## Work instructions:
Exact copy, pictures excluded: output the lines from the opening of the entries through the line bearing "Subtract/1 -> Gain/1".

Stored records:
◇ ◇ ◇

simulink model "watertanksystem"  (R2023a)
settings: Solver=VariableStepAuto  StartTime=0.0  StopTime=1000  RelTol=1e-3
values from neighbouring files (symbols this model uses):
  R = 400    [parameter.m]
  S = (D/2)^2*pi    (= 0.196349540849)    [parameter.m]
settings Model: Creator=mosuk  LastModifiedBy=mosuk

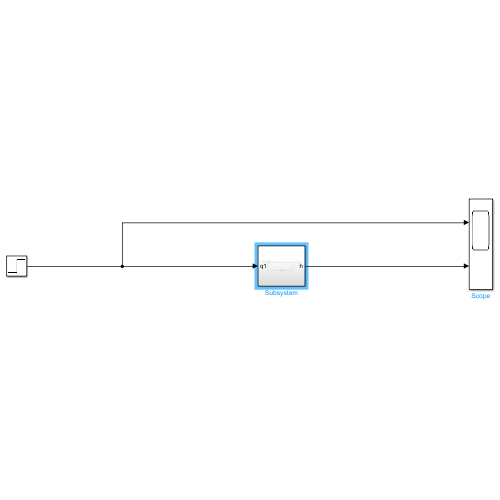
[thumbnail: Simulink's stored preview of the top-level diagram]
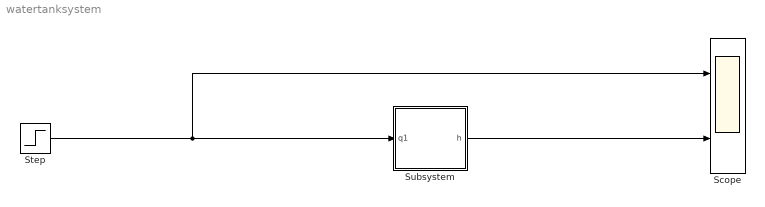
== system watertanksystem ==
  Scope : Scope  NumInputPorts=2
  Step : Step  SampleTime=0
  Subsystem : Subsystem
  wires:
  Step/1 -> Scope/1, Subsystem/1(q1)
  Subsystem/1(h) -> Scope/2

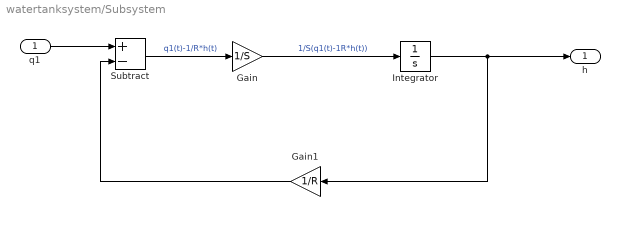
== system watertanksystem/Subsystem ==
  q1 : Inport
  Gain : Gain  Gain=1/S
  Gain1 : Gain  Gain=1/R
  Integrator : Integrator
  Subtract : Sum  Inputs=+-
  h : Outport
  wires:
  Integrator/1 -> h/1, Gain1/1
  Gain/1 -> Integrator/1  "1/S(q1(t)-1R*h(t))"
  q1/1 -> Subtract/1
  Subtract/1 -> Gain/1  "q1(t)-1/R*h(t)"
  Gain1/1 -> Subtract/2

◇ ◇ ◇

## Exercise solution:
simulink model "watertanksystem"  (R2023a)
settings: Solver=VariableStepAuto  StartTime=0.0  StopTime=1000  RelTol=1e-3
values from neighbouring files (symbols this model uses):
  R = 400    [parameter.m]
  S = (D/2)^2*pi    (= 0.196349540849)    [parameter.m]
settings Model: Creator=mosuk  LastModifiedBy=mosuk

[thumbnail: Simulink's stored preview of the top-level diagram]
== system watertanksystem ==
  Scope : Scope  NumInputPorts=2
  Step : Step  SampleTime=0
  Subsystem : Subsystem
  wires:
  Step/1 -> Scope/1, Subsystem/1(q1)
  Subsystem/1(h) -> Scope/2

== system watertanksystem/Subsystem ==
  q1 : Inport
  Gain : Gain  Gain=1/S
  Gain1 : Gain  Gain=1/R
  Integrator : Integrator
  Subtract : Sum  Inputs=+-
  h : Outport
  wires:
  Integrator/1 -> h/1, Gain1/1
  Gain/1 -> Integrator/1  "1/S(q1(t)-1R*h(t))"
  q1/1 -> Subtract/1
  Subtract/1 -> Gain/1  "q1(t)-1/R*h(t)"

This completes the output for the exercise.